In our first post of this series, we introduced the notion that ”success” in an arts enterprise means moving beyond ”sustainable” to become a ”vital” actor in your community by creating public value. But how does that value come to be? And what steps can cultural or community leaders take to create and cultivate that vitality? In this post, we’ll introduce a framework that we’ve found productive in helping clients and communities ”rethink success.” The framework is called the ”Strategic Triangle.”
Professors at Harvard University’s John F. Kennedy School of Government, including Mark Moore, Herman Leonard, and Robert Kaplan among others, have been studying high-performing non-government organizations (NGOs) and not-for-profits for nearly two decades. This extensive work led them to develop and describe the Strategic Triangle**, an essential relationship and intersection between three key concepts:
- PUBLIC VALUE
What essential public benefit does the product or service provide?
- LEGITIMACY & SUPPORT
What authority, legitimacy, and resources does the organization need to take positive action in dynamic ways?
- OPERATIONAL CAPACITY
What skills, abilities, or competencies are required to create real and durable value within the support environment?
The Strategic Triangle suggests that there is no single element for success, but rather a balance among multiple elements.

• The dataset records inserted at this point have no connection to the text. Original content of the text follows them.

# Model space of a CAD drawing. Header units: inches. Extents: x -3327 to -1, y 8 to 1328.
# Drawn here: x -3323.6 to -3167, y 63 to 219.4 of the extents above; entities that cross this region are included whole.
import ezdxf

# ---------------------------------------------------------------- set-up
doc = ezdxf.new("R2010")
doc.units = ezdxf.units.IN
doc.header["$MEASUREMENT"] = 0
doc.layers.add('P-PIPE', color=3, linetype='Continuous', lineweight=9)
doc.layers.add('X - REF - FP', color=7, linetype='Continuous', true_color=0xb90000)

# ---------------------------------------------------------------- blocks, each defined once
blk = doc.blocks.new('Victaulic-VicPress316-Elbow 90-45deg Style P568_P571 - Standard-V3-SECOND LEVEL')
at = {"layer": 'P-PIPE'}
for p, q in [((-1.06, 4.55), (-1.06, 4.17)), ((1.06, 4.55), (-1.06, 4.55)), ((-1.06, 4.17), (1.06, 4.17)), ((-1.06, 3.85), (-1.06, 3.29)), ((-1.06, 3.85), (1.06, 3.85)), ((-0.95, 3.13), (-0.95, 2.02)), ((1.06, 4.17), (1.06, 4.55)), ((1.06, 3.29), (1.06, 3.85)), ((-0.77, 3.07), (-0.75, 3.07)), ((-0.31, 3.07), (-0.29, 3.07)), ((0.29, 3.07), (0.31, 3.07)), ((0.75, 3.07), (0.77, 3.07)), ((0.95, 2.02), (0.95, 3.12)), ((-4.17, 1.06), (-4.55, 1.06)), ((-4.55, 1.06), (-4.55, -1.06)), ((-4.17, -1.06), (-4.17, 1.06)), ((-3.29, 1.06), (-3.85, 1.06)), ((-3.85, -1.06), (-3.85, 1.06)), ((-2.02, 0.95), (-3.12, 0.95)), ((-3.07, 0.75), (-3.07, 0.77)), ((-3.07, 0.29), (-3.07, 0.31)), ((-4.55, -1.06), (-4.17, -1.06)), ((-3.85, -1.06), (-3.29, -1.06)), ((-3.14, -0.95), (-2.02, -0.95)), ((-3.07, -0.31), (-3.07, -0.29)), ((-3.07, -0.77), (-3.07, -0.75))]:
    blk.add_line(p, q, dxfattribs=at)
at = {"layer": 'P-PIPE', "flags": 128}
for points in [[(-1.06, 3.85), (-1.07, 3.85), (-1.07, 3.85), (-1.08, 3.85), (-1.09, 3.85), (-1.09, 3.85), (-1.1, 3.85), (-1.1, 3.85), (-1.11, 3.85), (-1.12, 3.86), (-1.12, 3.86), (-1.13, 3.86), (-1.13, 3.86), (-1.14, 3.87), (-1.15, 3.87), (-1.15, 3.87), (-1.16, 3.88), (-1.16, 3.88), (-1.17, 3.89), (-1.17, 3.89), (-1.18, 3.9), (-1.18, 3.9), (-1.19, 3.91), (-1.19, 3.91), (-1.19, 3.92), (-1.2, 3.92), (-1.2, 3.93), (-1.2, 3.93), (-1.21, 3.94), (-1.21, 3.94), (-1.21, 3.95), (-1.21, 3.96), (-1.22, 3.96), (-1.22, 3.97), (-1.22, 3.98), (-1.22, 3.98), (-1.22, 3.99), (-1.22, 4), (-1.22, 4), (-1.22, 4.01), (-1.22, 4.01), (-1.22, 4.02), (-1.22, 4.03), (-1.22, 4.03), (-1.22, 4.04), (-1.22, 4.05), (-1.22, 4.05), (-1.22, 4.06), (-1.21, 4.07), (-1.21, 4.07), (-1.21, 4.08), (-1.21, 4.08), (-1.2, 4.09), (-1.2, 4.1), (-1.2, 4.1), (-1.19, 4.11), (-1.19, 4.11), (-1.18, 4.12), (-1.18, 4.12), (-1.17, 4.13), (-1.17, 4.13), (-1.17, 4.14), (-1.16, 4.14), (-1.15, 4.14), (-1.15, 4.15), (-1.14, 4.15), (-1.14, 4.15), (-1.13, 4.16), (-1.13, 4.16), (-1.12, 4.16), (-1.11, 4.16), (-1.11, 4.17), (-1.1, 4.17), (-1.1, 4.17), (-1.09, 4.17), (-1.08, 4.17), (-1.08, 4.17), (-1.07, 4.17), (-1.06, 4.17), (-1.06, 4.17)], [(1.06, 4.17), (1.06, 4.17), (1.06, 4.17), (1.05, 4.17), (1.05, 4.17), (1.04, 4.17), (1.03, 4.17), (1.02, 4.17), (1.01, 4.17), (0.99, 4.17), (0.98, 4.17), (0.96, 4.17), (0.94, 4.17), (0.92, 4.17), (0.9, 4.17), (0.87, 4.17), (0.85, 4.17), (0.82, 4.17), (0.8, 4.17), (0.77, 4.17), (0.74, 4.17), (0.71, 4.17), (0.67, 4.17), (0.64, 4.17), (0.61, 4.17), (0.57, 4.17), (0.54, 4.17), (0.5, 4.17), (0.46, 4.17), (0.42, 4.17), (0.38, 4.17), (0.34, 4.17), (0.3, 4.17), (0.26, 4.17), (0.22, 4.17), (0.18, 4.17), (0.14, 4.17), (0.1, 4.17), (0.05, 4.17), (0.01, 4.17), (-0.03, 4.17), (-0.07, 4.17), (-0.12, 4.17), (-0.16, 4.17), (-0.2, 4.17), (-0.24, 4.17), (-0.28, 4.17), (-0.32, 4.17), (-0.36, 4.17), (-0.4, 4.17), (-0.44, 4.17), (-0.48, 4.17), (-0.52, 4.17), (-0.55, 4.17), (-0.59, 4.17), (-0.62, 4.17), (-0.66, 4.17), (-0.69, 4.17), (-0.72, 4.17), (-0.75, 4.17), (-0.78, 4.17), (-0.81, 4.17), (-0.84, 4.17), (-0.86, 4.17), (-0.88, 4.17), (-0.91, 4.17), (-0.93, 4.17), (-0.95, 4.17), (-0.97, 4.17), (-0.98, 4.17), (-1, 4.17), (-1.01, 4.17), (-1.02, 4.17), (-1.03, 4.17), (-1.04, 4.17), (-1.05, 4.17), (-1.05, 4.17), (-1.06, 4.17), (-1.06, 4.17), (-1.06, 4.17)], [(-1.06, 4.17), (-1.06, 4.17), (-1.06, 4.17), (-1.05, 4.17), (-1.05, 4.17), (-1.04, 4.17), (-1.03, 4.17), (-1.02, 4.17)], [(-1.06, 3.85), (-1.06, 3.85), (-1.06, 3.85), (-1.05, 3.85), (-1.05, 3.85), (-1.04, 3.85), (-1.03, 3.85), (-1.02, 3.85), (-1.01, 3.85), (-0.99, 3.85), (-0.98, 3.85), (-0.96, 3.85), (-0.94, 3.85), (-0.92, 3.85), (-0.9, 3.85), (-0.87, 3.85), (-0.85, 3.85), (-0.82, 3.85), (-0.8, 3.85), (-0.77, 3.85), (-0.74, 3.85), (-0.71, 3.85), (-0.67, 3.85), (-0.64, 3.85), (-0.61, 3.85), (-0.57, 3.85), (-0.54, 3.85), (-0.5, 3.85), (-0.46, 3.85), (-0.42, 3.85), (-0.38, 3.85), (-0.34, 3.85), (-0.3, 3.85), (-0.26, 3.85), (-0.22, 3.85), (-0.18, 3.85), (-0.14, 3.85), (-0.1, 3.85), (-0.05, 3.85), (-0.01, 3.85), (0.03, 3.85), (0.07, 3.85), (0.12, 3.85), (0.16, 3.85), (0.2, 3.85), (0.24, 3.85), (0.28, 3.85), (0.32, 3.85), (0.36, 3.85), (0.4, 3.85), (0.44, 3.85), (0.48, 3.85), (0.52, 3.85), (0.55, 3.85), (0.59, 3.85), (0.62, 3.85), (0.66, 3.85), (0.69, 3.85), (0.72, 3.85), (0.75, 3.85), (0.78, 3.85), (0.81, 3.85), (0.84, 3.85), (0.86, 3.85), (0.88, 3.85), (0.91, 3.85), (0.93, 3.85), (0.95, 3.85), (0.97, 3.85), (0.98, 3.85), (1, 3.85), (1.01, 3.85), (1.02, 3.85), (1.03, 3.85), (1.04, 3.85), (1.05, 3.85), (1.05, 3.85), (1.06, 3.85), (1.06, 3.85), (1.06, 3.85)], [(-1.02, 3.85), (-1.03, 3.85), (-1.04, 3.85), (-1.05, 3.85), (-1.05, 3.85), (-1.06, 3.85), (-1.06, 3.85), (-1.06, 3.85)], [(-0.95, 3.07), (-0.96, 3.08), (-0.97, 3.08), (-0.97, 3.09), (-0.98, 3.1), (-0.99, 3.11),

It shifts the definition of value from an organizational to a community perspective. It combines ”money” into a broader framework of legitimacy and support. And it acknowledges organizational capacity as an essential leg of the stool.
In 2005, Arts Midwest commissioned Professor Moore to apply this construct to state arts agencies and bridge the general discoveries about not-for-profits and NGOs to specific insights about arts and culture. The resulting report, Creating Public Value through State Arts Agencies (available in PDF format), captured both the history of shifting public values related to the arts, as well as the essential strategies to recapture or reconstruct that value through focused action. We’ll explore that history in a future post.
In ”rethinking success,” we suggest it’s time to move beyond traditional goals of delivering the highest quality arts (excellence) in the most cost-effective manner (efficiency). It’s time to refocus our thinking and our actions toward impact (effectiveness) and value (entanglement). We believe that Moore’s Strategic Triangle – perhaps updated for our sector and the current decade – offers a useful path for that journey.
For example, in our work, we simplify Moore’s three concepts to Value, Support, and Capacity. And we consider them to be overlapping rather than separate, with ‘success’ living at the intersection of all three.
Over the course of the next months, we will introduce a dozen essential innovations to transform our organizations – drawn from our work, excellent research by colleagues, and success illustrated by exemplary organizations. We hope that you will contribute to the conversation by sharing your ideas, your experiments, your success and failures with the field.
The comment system is open. Join the conversation!
**For more on the strategic triangle as it relates to government, see Mark H. Moore, Creating Public Value: Strategic Management in Government (Cambridge, Massachusetts, Harvard University Press, 1995).